Autor do livro “Contra O Aborto” e professor de filosofia da Faculdade São Bento, Razzo corrobora o argumento. "Discordo do argumento central, de que não há diferença entre a égua e uma pessoa. Existe uma diferença ontológica e real entre o cavalo e o ser humano. O estatuto dos direitos dos animais pode, sim, incluí-los como membros de uma comunidade de direito, mas é possível ampliar os direitos dos animais sem esvaziar os dos humanos. O problema é quando ocorre o oposto", explica.
Neste sentido, o esvaziamento do direito reservado ao humano ocorre, justamente, quando o argumento pela defesa da vida se restringe às capacidades do ser em questão. “Não é o sofrimento, os sentimentos ou as vontades que definem a pessoa como ser humano, já que a vida humana possui um fim em si mesma, um valor intrínseco.
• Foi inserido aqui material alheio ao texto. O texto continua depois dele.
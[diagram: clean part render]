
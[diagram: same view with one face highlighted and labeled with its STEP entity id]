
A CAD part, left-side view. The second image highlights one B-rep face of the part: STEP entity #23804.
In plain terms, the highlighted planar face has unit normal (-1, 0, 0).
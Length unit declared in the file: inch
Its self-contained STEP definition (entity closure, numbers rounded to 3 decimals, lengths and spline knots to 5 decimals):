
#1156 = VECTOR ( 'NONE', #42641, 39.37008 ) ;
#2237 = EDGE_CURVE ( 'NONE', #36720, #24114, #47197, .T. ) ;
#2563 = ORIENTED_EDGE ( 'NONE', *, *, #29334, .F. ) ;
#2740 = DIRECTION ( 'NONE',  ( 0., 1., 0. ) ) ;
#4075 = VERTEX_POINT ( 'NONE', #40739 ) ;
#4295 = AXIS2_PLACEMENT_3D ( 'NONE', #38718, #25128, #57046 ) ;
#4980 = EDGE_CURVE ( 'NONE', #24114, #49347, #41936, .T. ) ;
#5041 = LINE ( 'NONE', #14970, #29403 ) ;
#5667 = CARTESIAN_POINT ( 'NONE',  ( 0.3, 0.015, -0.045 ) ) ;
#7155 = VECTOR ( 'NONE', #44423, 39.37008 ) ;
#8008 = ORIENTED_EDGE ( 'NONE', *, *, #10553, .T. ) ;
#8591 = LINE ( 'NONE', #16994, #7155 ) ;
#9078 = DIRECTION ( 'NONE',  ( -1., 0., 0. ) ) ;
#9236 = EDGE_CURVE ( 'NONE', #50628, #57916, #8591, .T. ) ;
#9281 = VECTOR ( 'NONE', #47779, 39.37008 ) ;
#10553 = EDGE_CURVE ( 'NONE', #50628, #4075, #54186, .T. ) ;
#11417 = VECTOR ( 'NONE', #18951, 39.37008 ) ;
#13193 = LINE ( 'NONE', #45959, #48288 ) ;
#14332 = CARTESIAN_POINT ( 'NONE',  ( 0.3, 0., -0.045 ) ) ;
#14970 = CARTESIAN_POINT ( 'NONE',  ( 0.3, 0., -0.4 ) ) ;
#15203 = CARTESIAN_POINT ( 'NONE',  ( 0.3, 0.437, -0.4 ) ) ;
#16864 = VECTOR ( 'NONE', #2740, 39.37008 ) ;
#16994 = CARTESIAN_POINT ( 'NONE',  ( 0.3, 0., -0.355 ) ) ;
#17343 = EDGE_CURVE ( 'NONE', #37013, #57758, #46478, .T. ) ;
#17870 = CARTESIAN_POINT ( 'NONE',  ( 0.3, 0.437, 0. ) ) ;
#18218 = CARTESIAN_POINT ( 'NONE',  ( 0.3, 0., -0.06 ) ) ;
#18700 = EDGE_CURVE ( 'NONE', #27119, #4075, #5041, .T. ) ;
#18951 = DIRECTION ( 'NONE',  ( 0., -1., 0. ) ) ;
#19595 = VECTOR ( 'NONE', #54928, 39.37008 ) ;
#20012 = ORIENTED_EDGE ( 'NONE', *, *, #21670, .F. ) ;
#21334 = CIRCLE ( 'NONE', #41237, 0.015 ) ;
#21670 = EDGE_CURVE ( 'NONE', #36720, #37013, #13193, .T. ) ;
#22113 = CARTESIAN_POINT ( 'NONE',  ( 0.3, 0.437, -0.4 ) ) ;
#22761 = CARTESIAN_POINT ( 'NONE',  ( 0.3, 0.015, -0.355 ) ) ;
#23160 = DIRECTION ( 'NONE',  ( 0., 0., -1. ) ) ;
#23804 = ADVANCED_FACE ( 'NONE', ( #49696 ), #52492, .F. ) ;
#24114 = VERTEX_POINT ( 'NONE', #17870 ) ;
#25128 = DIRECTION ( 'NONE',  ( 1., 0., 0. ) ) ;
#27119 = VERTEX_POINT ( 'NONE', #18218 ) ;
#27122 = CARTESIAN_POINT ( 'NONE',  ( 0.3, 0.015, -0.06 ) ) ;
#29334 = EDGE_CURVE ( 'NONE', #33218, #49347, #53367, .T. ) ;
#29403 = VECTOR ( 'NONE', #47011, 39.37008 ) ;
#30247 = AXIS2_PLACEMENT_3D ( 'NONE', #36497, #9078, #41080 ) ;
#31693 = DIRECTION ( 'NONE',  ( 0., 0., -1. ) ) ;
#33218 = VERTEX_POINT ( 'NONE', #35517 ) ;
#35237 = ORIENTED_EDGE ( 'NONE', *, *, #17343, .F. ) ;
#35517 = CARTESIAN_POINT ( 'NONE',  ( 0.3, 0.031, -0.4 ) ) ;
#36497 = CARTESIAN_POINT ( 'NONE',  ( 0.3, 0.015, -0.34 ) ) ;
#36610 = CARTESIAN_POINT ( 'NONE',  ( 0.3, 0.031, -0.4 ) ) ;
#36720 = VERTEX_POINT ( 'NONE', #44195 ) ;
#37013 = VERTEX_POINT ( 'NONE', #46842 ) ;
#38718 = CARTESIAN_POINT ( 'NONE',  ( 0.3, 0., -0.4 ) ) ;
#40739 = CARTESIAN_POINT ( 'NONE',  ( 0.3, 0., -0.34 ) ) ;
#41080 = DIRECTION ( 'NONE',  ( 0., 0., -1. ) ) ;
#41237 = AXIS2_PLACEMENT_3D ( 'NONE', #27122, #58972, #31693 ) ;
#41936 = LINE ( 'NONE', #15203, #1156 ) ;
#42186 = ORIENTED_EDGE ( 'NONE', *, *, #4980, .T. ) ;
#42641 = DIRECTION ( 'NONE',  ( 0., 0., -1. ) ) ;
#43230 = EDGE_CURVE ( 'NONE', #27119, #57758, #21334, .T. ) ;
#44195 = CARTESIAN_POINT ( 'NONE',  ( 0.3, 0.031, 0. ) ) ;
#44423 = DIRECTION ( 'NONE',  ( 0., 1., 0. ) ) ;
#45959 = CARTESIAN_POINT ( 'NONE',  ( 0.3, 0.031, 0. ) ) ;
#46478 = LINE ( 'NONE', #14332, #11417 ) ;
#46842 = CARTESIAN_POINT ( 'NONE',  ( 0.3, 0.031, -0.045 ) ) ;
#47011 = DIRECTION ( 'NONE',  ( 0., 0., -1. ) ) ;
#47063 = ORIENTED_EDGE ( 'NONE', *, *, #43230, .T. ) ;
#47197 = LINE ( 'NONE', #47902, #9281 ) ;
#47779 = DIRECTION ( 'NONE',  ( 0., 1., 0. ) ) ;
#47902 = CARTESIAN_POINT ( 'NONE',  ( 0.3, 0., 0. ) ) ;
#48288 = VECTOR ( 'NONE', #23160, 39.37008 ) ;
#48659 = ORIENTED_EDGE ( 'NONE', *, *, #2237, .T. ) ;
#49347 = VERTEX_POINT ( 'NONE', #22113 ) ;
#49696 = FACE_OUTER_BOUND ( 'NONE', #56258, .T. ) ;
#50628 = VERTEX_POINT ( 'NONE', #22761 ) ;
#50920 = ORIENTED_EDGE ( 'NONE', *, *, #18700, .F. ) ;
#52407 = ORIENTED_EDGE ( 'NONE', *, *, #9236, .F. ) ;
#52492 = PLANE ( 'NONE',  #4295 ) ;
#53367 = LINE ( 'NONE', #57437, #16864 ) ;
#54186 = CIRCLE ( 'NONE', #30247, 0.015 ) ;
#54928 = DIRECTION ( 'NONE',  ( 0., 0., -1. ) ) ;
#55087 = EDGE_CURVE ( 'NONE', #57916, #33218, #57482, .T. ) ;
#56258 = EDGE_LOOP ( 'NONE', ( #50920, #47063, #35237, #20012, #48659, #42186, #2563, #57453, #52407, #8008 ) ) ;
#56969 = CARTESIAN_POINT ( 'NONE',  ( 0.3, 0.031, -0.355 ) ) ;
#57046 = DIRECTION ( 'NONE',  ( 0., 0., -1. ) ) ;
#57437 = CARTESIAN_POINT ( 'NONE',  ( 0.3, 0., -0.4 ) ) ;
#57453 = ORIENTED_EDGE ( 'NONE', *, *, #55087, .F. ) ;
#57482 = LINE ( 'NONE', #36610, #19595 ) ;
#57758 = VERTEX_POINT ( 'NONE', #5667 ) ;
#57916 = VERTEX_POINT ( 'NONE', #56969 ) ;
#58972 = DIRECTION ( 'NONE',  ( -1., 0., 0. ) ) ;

Eis o erro daqueles que dão à vida humana um status de relativização: impor-lhe condicionantes. Creditar à humanidade esta visão simplista, permitiria que tirássemos a vida, por exemplo, de bebês, deficientes, relativamente incapazes, incapazes e assim por diante. Precisamos ter cuidado para não chegar na concepção Benthamista de vida: “um cavalo ou um cão adultos são muito mais racionais, [...] do que um bebê de um dia”, defende Vieira.
Na entrevista à Gazeta do Povo, Velloso reconhece que a aplicação de direitos exclusivos aos seres humanos a animais pode ter grande impacto jurídico - como o hábito de comer carne, por exemplo. Vieira alerta, entretanto, que a questão pode impactar até mesmo a constitucionalidade da utilização ritualística de animais em cultos, como forma de garantir a liberdade religiosa das religiões de matriz africana - assunto já decidido pelo STF no RE 494601/RS.
Nada disso significa, entretanto, que os animais devam ser tratados de forma degradante - ou mesmo que, mediante aplicação dos direitos já reservados aos animais, a égua Flor não possa dar à luz ao potrinho. "Sou bastante simpático à causa dos direitos dos animais e acho que é uma capacidade humana de conseguir, de alguma forma, inscrever na natureza aquilo que nós somos enquanto seres que conseguem dimensionalizar a vida a partir da caridade e da compaixão”, destaca Razzo. A fonte do tratamento, contudo, é que deve ser diferente. “A dignidade dos animais é resultado da dignidade humana. É porque temos dignidade que tratamos os animais assim”, diz Vieira.